Image Processing
Image processing is one of Ea's strongest use cases. Stencil operations (convolution, edge detection, blur) read multiple neighbors per output pixel, giving high arithmetic intensity that keeps the CPU compute-bound rather than memory-bound.
Sobel edge detection
The Sobel filter computes horizontal and vertical gradients using 3x3 stencils. Each output pixel reads 9 input values and performs 9 multiplications plus additions -- well above the threshold where Ea beats NumPy.
The pattern: for each pixel, load the 3x3 neighborhood, multiply by Sobel coefficients, and sum:
export func sobel_x(
src: *f32, dst: *mut f32,
width: i32, height: i32
) {
let neg1: f32x8 = splat(-1.0)
let pos1: f32x8 = splat(1.0)
let neg2: f32x8 = splat(-2.0)
let pos2: f32x8 = splat(2.0)
let mut y: i32 = 1
while y < height - 1 {
let mut x: i32 = 0
while x < width - 2 {
let row_above: i32 = (y - 1) * width + x
let row_center: i32 = y * width + x
let row_below: i32 = (y + 1) * width + x
let tl: f32x8 = load(src, row_above)
let tr: f32x8 = load(src, row_above + 2)
let ml: f32x8 = load(src, row_center)
let mr: f32x8 = load(src, row_center + 2)
let bl: f32x8 = load(src, row_below)
let br: f32x8 = load(src, row_below + 2)
let gx: f32x8 = (tr .* pos1) .+ (mr .* pos2) .+ (br .* pos1)
.+ (tl .* neg1) .+ (ml .* neg2) .+ (bl .* neg1)
store(dst, row_center + 1, gx)
x = x + 8
}
y = y + 1
}
}
For a production-ready Sobel implementation with both Gx/Gy gradients and magnitude computation, see easobel.
Pixel pipeline: u8 to f32 and back
Images from disk arrive as u8 (0-255). SIMD math works best on f32. The typical pattern:
- Load u8 pixels
- Widen to f32 (0.0 to 255.0)
- Process in f32 (normalize, filter, blend)
- Narrow back to u8
Widening: u8 to f32
export func normalize_u8_to_f32(src: *u8, dst: *mut f32, n: i32) {
let scale: f32x4 = splat(0.00392156862)
let mut i: i32 = 0
while i < n {
let pixels: f32x4 = widen_u8_f32x4(src, i)
let normalized: f32x4 = pixels .* scale
store(dst, i, normalized)
i = i + 4
}
}
widen_u8_f32x4(ptr, offset) loads 4 bytes from src + offset, zero-extends each to 32 bits, and converts to float.
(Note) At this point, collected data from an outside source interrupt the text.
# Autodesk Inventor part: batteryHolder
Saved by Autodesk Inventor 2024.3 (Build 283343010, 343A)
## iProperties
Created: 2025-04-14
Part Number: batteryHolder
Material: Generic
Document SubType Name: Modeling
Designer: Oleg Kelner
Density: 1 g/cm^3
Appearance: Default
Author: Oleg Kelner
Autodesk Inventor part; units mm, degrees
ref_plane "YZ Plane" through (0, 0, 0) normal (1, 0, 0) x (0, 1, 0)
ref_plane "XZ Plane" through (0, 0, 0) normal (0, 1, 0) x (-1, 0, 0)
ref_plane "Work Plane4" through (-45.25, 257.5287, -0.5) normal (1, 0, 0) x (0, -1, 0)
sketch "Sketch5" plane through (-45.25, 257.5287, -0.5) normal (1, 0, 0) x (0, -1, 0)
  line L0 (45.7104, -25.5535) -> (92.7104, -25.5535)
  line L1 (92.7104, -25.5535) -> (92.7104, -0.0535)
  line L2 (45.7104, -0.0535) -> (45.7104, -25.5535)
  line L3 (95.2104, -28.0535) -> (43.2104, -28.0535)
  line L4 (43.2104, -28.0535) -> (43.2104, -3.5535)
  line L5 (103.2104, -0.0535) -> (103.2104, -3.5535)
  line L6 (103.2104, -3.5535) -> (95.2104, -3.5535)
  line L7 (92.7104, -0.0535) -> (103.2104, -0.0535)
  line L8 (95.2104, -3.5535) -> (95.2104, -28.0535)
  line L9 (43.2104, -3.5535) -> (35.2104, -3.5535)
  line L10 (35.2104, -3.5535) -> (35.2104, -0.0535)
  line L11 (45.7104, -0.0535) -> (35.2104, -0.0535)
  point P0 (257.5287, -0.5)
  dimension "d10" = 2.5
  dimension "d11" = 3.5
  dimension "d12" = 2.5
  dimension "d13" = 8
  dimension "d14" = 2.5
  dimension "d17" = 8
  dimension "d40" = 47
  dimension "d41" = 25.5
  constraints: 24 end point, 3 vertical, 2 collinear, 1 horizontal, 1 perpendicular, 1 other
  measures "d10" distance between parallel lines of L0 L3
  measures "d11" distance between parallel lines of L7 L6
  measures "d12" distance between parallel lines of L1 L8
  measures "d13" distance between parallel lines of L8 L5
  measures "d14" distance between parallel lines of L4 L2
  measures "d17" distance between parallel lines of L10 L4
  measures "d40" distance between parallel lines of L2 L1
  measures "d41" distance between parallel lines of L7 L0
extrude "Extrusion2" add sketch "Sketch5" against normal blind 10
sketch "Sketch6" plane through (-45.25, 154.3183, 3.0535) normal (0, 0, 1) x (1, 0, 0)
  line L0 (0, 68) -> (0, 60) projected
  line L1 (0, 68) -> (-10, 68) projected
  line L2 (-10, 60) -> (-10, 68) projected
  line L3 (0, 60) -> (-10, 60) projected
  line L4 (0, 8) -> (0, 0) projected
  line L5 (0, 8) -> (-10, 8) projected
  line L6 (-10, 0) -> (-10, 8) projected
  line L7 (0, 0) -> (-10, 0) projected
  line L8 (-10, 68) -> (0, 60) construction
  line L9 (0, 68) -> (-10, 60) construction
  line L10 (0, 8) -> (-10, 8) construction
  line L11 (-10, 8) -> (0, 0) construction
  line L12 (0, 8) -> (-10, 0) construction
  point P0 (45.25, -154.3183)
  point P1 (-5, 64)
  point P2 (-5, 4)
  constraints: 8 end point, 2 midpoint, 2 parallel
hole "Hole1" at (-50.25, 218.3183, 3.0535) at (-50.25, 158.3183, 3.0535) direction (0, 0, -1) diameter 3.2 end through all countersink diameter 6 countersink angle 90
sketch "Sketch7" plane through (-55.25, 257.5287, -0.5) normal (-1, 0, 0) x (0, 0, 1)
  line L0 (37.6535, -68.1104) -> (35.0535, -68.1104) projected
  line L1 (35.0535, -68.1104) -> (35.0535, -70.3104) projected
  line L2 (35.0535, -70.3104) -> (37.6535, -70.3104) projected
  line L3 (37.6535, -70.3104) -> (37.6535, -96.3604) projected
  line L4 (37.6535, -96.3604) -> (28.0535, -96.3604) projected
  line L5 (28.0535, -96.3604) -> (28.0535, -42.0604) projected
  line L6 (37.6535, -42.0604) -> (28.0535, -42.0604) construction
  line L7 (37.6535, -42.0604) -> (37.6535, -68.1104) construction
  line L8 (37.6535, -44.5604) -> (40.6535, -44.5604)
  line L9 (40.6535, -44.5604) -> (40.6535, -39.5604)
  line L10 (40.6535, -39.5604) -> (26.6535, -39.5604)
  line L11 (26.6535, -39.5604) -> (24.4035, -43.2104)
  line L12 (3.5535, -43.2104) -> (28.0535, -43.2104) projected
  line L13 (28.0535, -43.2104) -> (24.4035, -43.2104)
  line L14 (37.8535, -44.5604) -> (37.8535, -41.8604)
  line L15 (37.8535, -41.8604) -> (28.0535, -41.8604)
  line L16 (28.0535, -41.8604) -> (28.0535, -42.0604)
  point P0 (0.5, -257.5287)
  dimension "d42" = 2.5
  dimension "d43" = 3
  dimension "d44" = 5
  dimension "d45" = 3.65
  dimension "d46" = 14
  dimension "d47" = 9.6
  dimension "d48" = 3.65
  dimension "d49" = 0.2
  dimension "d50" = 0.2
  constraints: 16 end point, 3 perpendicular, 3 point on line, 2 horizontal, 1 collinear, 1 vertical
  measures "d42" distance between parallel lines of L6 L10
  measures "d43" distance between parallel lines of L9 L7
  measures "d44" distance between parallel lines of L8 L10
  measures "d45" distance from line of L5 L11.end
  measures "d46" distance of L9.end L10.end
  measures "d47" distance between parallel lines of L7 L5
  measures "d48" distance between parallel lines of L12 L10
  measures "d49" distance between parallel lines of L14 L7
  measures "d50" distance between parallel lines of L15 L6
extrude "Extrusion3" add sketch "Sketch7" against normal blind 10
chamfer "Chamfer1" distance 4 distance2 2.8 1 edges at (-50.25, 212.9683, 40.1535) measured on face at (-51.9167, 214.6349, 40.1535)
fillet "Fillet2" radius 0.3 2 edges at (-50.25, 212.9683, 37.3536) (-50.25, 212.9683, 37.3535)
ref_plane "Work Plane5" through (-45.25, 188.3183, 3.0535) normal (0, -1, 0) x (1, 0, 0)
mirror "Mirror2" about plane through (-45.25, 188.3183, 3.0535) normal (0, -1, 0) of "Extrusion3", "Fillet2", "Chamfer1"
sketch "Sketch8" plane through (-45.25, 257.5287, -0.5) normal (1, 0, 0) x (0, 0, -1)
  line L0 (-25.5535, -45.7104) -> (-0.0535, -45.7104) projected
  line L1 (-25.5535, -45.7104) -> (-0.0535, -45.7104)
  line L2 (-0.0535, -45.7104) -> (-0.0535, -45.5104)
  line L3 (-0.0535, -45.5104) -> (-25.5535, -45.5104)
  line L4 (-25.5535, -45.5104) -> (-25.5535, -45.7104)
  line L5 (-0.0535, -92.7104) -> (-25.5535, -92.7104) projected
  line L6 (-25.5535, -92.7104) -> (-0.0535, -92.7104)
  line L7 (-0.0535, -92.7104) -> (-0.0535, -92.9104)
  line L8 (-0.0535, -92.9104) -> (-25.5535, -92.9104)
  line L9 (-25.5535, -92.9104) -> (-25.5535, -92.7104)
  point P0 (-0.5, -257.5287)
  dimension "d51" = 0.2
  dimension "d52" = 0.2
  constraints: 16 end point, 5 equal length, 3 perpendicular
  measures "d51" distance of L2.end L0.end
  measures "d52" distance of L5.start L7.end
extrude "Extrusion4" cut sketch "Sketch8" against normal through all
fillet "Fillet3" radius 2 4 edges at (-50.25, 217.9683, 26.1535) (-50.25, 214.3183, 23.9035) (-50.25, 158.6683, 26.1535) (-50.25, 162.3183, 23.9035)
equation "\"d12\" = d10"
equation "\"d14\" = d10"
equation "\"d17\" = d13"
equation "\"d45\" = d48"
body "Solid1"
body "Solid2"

The result is a f32x4 with values in 0.0 to 255.0. Multiply by 1/255 to get the 0.0-1.0 range.
Narrowing: f32 to u8
export func f32_to_u8(src: *f32, dst: *mut u8, n: i32) {
let s255: f32x4 = splat(255.0)
let zero: f32x4 = splat(0.0)
let mut i: i32 = 0
while i < n {
let v: f32x4 = load(src, i)
let clamped: f32x4 = min(max(v, zero), s255)
narrow_f32x4_i8(dst, i, clamped)
i = i + 4
}
}
narrow_f32x4_i8(ptr, offset, vec) converts 4 floats to integers, saturates to 0-255, and stores 4 bytes. Always clamp before narrowing to avoid overflow.
Putting it together
A full pixel pipeline (load u8, process in f32, store u8) processes 4 pixels per iteration on both x86 and ARM. Use f32x4 for the pipeline to keep it portable -- f32x8 works only on x86 with AVX2.
Why image stencils are compute-bound
A 3x3 convolution on a single-channel image performs 9 multiplications and 8 additions per output pixel, but only produces 1 output value. That is 17 arithmetic operations per output float -- far above the ~2 ops/element threshold where Ea's operation fusion matters.
For multi-channel images (RGB, RGBA), the arithmetic intensity is even higher because you process 3-4 channels per pixel position.
Compare this to simple brightness adjustment (pixel * 1.1), which is 1 op per element -- bandwidth-bound, and NumPy handles it just as fast. See Ea vs NumPy for more on this distinction.
Tips
- Border handling: the examples above skip border pixels (starting at y=1, ending at height-1). For production kernels, handle borders separately with scalar code or clamped indexing.
- Separable filters: Gaussian blur and similar filters can be split into horizontal and vertical passes, reducing a 3x3 stencil from 9 to 6 operations. Each pass is still compute-bound.
- ARM portability: use
f32x4andi32x4for kernels that need to run on both x86 and ARM. The 128-bit types work on both architectures.